• [PROVIDED MATERIAL]:
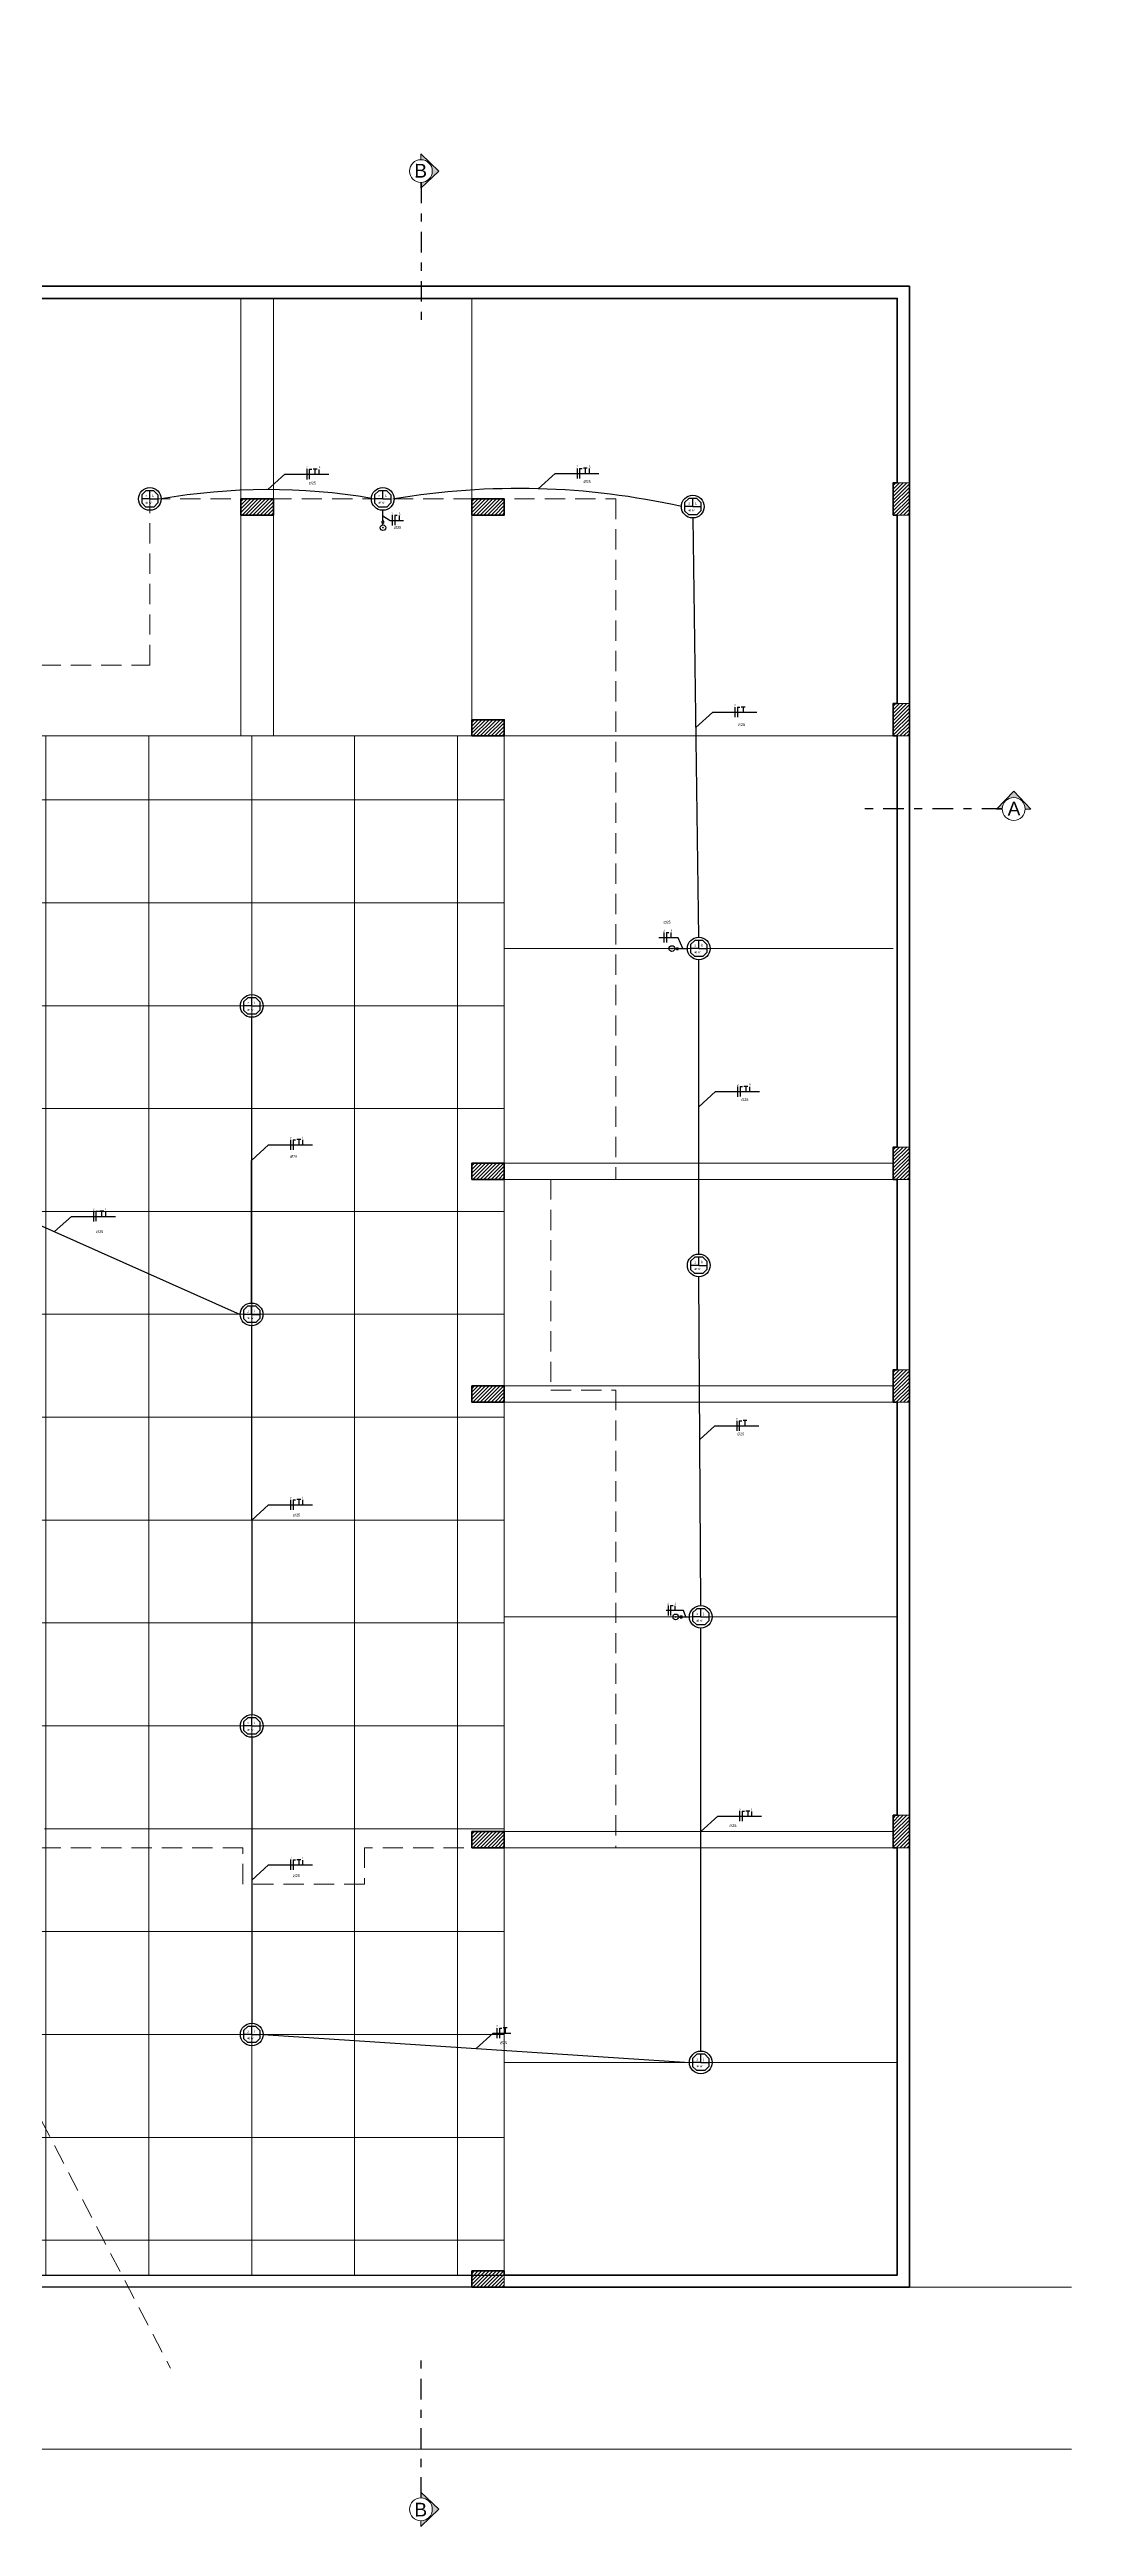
# Model space of a CAD drawing. Header units: millimetres. Extents: x 2991 to 3503, y 2795 to 2987.
# Drawn here: x 3126.91 to 3139.52, y 2805.22 to 2835.8 of the extents above; entities that cross this region are included whole.
import ezdxf
from ezdxf.enums import TextEntityAlignment as Align

# ---------------------------------------------------------------- set-up
doc = ezdxf.new("R2010")
doc.units = ezdxf.units.MM
doc.linetypes.add('DASHDOT', pattern=[25.4, 12.7, -6.35, 0, -6.35])
doc.linetypes.add('HIDDEN', pattern=[0.375, 0.25, -0.125])
for name, color, linetype in [('ESCO_37_TOMADAS', 3, 'Continuous'), ('Pranchas', 3, 'Continuous'), ('PTF', 1, 'Continuous'), ('PTO', 1, 'Continuous'), ('TET', 172, 'Continuous')]:
    doc.layers.add(name, color=color, linetype=linetype)
for name, color, linetype, lineweight in [('IND', 7, 'Continuous', 13), ('PILAR', 7, 'Continuous', 5), ('PISO', 252, 'Continuous', 9), ('Plarga', 7, 'Continuous', 40)]:
    doc.layers.add(name, color=color, linetype=linetype, lineweight=lineweight)
doc.styles.add('arial', font='')
doc.styles.add('ST', font='ROMANS.SHX', dxfattribs={"height": 0.15})
doc.styles.get("Standard").update_dxf_attribs({"font": ''})
doc.styles.get('arial').set_extended_font_data('Arial')
doc.styles.get('Standard').set_extended_font_data('Arial')

# ---------------------------------------------------------------- blocks, each defined once
blk = doc.blocks.new('iv')
at = {"color": 3}
for p, q in [((-0.2, 0.1), (-0.1, 0.2)), ((-0.2, 0.1), (-0.2, -0.1)), ((-0.1, 0.2), (0.1, 0.2)), ((0.1, 0.2), (0.2, 0.1)), ((0.2, 0.1), (0.2, -0.1)), ((-0.1, -0.2), (-0.2, -0.1)), ((-0.1, -0.2), (0.1, -0.2)), ((0.2, -0.1), (0.1, -0.2))]:
    blk.add_line(p, q, dxfattribs=at)
at = {"color": 1}
blk.add_circle((0, 0), 0.28, dxfattribs=at)
at = {"color": 1, "style": 'ST', "flags": 4}
blk.add_attdef('N%%D', text='', height=0.15, dxfattribs=at).set_placement((0.003, -0.074), align=Align.CENTER)
blk = doc.blocks.new('BCAM')
for p, q in [((-0.05, 0), (-0.05, -0.1)), ((-0.05, 0), (0.05, 0)), ((0, 0.1), (0, 0)), ((0.05, 0), (0.05, -0.1)), ((-0.05, -0.1), (0.05, -0.1))]:
    blk.add_line(p, q)
at = {"const_width": 0.049}
blk.add_lwpolyline([(0, 0.23, 1), (0, 0.28, 1)], format="xyb", close=True, dxfattribs=at)
blk.add_circle((0, 0.26), 0.16)

msp = doc.modelspace()

# ---------------------------------------------------------------- hatches: boundary and pattern name
at = {"layer": 'IND'}
for points in [[(3131.489, 2834.085), (3131.489, 2834.155, 1.014778), (3131.489, 2834.437), (3131.489, 2834.508), (3131.711, 2834.296)], [(3131.489, 2834.085), (3131.489, 2834.155, 1.014778), (3131.489, 2834.437), (3131.489, 2834.508), (3131.711, 2834.296)], [(3138.597, 2826.42), (3138.668, 2826.42, -1.014778), (3138.949, 2826.42), (3139.02, 2826.42), (3138.808, 2826.642)], [(3131.489, 2805.644), (3131.489, 2805.573, -1.014778), (3131.489, 2805.291), (3131.489, 2805.22), (3131.711, 2805.432)]]:
    msp.add_hatch(color=0, dxfattribs=at).paths.add_polyline_path(points)
at = {"layer": 'PILAR'}
h = msp.add_hatch(dxfattribs=at)
h.set_pattern_fill('ANSI31,_O', color=256, scale=0.01)
h.set_pattern_definition([(45, (1265.707245, 1877.834407), (-0.0224506403, 0.0224506403), [])])
h.paths.add_polyline_path([(3129.27, 2830.249), (3129.27, 2830.049), (3129.67, 2830.049), (3129.67, 2830.249)])
h = msp.add_hatch(dxfattribs=at)
h.set_pattern_fill('ANSI31,_O', color=256, scale=0.01)
h.set_pattern_definition([(45, (1268.557245, 1877.834407), (-0.0224506403, 0.0224506403), [])])
h.paths.add_polyline_path([(3132.12, 2830.249), (3132.12, 2830.049), (3132.52, 2830.049), (3132.52, 2830.249)])
h = msp.add_hatch(dxfattribs=at)
h.set_pattern_fill('ANSI31,_O', color=256, scale=0.01, angle=-90)
h.set_pattern_definition([(225, (4089.734413, 4694.011575), (-0.0224506403, 0.0224506403), [])])
h.paths.add_polyline_path([(3137.32, 2830.049), (3137.52, 2830.049), (3137.52, 2830.449), (3137.32, 2830.449)])
h = msp.add_hatch(dxfattribs=at)
h.set_pattern_fill('ANSI31,_O', color=256, scale=0.01, angle=-90)
h.set_pattern_definition([(225, (4089.734413, 4691.286575), (-0.0224506403, 0.0224506403), [])])
h.paths.add_polyline_path([(3137.32, 2827.324), (3137.52, 2827.324), (3137.52, 2827.724), (3137.32, 2827.724)])
h = msp.add_hatch(dxfattribs=at)
h.set_pattern_fill('ANSI31,_O', color=256, scale=0.01)
h.set_pattern_definition([(45, (1268.557245, 1875.109407), (-0.0224506403, 0.0224506403), [])])
h.paths.add_polyline_path([(3132.12, 2827.524), (3132.12, 2827.324), (3132.52, 2827.324), (3132.52, 2827.524)])
h = msp.add_hatch(dxfattribs=at)
h.set_pattern_fill('ANSI31,_O', color=256, scale=0.01, angle=-90)
h.set_pattern_definition([(225, (4089.734413, 4685.811575), (-0.0224506403, 0.0224506403), [])])
h.paths.add_polyline_path([(3137.32, 2821.849), (3137.52, 2821.849), (3137.52, 2822.249), (3137.32, 2822.249)])
h = msp.add_hatch(dxfattribs=at)
h.set_pattern_fill('ANSI31,_O', color=256, scale=0.01)
h.set_pattern_definition([(45, (1268.557245, 1869.634407), (-0.0224506403, 0.0224506403), [])])
h.paths.add_polyline_path([(3132.12, 2822.049), (3132.12, 2821.849), (3132.52, 2821.849), (3132.52, 2822.049)])
h = msp.add_hatch(dxfattribs=at)
h.set_pattern_fill('ANSI31,_O', color=256, scale=0.01, angle=-90)
h.set_pattern_definition([(225, (4089.734413, 4683.061575), (-0.0224506403, 0.0224506403), [])])
h.paths.add_polyline_path([(3137.32, 2819.099), (3137.52, 2819.099), (3137.52, 2819.499), (3137.32, 2819.499)])
h = msp.add_hatch(dxfattribs=at)
h.set_pattern_fill('ANSI31,_O', color=256, scale=0.01)
h.set_pattern_definition([(45, (1268.557245, 1866.884407), (-0.0224506403, 0.0224506403), [])])
h.paths.add_polyline_path([(3132.12, 2819.299), (3132.12, 2819.099), (3132.52, 2819.099), (3132.52, 2819.299)])
h = msp.add_hatch(dxfattribs=at)
h.set_pattern_fill('ANSI31,_O', color=256, scale=0.01, angle=-90)
h.set_pattern_definition([(225, (4089.734413, 4677.561575), (-0.0224506403, 0.0224506403), [])])
h.paths.add_polyline_path([(3137.32, 2813.599), (3137.52, 2813.599), (3137.52, 2813.999), (3137.32, 2813.999)])
h = msp.add_hatch(dxfattribs=at)
h.set_pattern_fill('ANSI31,_O', color=256, scale=0.01)
h.set_pattern_definition([(45, (1268.557245, 1861.384407), (-0.0224506403, 0.0224506403), [])])
h.paths.add_polyline_path([(3132.12, 2813.799), (3132.12, 2813.599), (3132.52, 2813.599), (3132.52, 2813.799)])
h = msp.add_hatch(dxfattribs=at)
h.set_pattern_fill('ANSI31,_O', color=256, scale=0.01)
h.set_pattern_definition([(45, (1268.557245, 1855.959407), (-0.0224506403, 0.0224506403), [])])
h.paths.add_polyline_path([(3132.12, 2808.374), (3132.12, 2808.174), (3132.52, 2808.174), (3132.52, 2808.374)])
at = {"layer": 'PISO'}
h = msp.add_hatch(dxfattribs=at)
h.set_pattern_fill('NET,_O', color=256, scale=0.4)
h.set_pattern_definition([(0, (3126.8623, 2808.7529), (0, 1.27), []), (90, (3126.8623, 2808.7529), (-1.27, 8e-17), [])])
h.paths.add_polyline_path([(3126.645, 2810.545), (3126.645, 2808.324), (3127.801, 2808.324)], flags=17)
h.paths.add_polyline_path([(3126.645, 2809.303), (3123.152, 2809.303), (3122.952, 2809.303), (3123.461, 2808.324), (3126.645, 2808.324)])
h.paths.add_polyline_path([(3132.52, 2821.849), (3132.12, 2821.849), (3132.12, 2822.049), (3132.52, 2822.049), (3132.52, 2827.324), (3126.795, 2827.324), (3126.795, 2822.999), (3126.795, 2820.399), (3126.795, 2818.849), (3126.845, 2818.849), (3126.845, 2818.449), (3126.795, 2818.449), (3126.795, 2813.999), (3126.845, 2813.999), (3126.845, 2813.599), (3129.295, 2813.599), (3129.295, 2813.149), (3130.795, 2813.149), (3130.795, 2813.599), (3132.12, 2813.599), (3132.12, 2813.799), (3132.52, 2813.799), (3132.52, 2819.099), (3132.12, 2819.099), (3132.12, 2819.299), (3132.52, 2819.299)])
h.paths.add_polyline_path([(3132.52, 2813.599), (3130.795, 2813.599), (3130.795, 2813.149), (3129.295, 2813.149), (3129.295, 2813.599), (3126.645, 2813.599), (3126.645, 2810.545), (3127.801, 2808.324), (3132.12, 2808.324), (3132.12, 2808.374), (3132.52, 2808.374)])

# ---------------------------------------------------------------- linework, layer by layer
for p, q in [((3128.145, 2830.249), (3128.045, 2830.249)), ((3128.145, 2830.249), (3128.145, 2830.349)), ((3128.145, 2830.249), (3128.245, 2830.249)), ((3131.02, 2830.249), (3130.92, 2830.249)), ((3131.02, 2830.249), (3131.02, 2830.349)), ((3131.02, 2830.249), (3131.12, 2830.249)), ((3134.846, 2830.154), (3134.746, 2830.154)), ((3134.846, 2830.154), (3134.846, 2830.254)), ((3134.846, 2830.154), (3134.946, 2830.154)), ((3134.92, 2824.699), (3134.82, 2824.699)), ((3134.92, 2824.699), (3134.92, 2824.799)), ((3134.92, 2824.699), (3135.02, 2824.699)), ((3129.403, 2823.99), (3129.403, 2824.09)), ((3129.403, 2823.99), (3129.303, 2823.99)), ((3129.403, 2823.99), (3129.503, 2823.99)), ((3134.92, 2820.788), (3134.82, 2820.788)), ((3134.92, 2820.788), (3134.92, 2820.888)), ((3134.92, 2820.788), (3135.02, 2820.788)), ((3129.402, 2820.183), (3129.302, 2820.183)), ((3129.402, 2820.183), (3129.402, 2820.283)), ((3129.402, 2820.183), (3129.502, 2820.183)), ((3134.945, 2816.449), (3134.845, 2816.449)), ((3134.945, 2816.449), (3134.945, 2816.549)), ((3134.945, 2816.449), (3135.045, 2816.449)), ((3129.403, 2815.102), (3129.403, 2815.202)), ((3129.403, 2815.102), (3129.303, 2815.102)), ((3129.403, 2815.102), (3129.503, 2815.102)), ((3129.403, 2811.293), (3129.303, 2811.293)), ((3129.403, 2811.293), (3129.403, 2811.393)), ((3129.403, 2811.293), (3129.503, 2811.293)), ((3134.945, 2810.949), (3134.845, 2810.949)), ((3134.945, 2810.949), (3134.945, 2811.049)), ((3134.945, 2810.949), (3135.045, 2810.949))]:
    msp.add_line(p, q)
at = {"lineweight": 5}
for points in [[(3109, 2835.797), (3123.37, 2808.174), (3139.52, 2808.174)], [(3129.27, 2827.324), (3129.27, 2832.724)], [(3129.67, 2827.324), (3129.67, 2832.724)], [(3132.12, 2827.324), (3132.12, 2832.724)], [(3126.795, 2827.324), (3137.37, 2827.324)], [(3132.52, 2827.324), (3132.52, 2808.324)], [(3132.52, 2824.699), (3137.32, 2824.699)], [(3132.52, 2822.049), (3137.32, 2822.049)], [(3132.52, 2821.849), (3137.37, 2821.849)], [(3132.52, 2819.299), (3137.32, 2819.299)], [(3132.52, 2819.099), (3137.37, 2819.099)], [(3132.52, 2816.449), (3137.37, 2816.449)], [(3132.52, 2813.799), (3137.32, 2813.799)], [(3132.52, 2813.599), (3137.32, 2813.599)], [(3132.52, 2810.949), (3137.37, 2810.949)]]:
    msp.add_lwpolyline(points, dxfattribs=at)
msp.add_lwpolyline([(3107.225, 2834.874), (3121.596, 2807.251, 0.279744), (3123.37, 2806.174), (3139.52, 2806.174)], format="xyb", dxfattribs=at)
at = {"linetype": 'DASHDOT', "lineweight": 30, "ltscale": 0.02}
for points in [[(3131.493, 2834.155), (3131.493, 2832.456)], [(3138.668, 2826.424), (3136.968, 2826.424)], [(3131.493, 2805.573), (3131.493, 2807.272)]]:
    msp.add_lwpolyline(points, dxfattribs=at)
at = {"linetype": 'HIDDEN', "lineweight": 9}
msp.add_lwpolyline([(3114.509, 2833.874), (3128.399, 2807.174)], dxfattribs=at)
msp.add_lwpolyline([(3116.622, 2821.145), (3110.52, 2832.874), (3137.52, 2832.874), (3137.52, 2808.174), (3123.37, 2808.174), (3122.522, 2809.803), (3122.655, 2809.873), (3123.461, 2808.324), (3137.37, 2808.324), (3137.37, 2808.324)])
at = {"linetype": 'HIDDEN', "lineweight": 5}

• [WHAT TO WORK ON]: Taking the material above as a whole, how many of its lines contain "format"? The reply should be that number alone.

• [RESPONSE AREA]: 2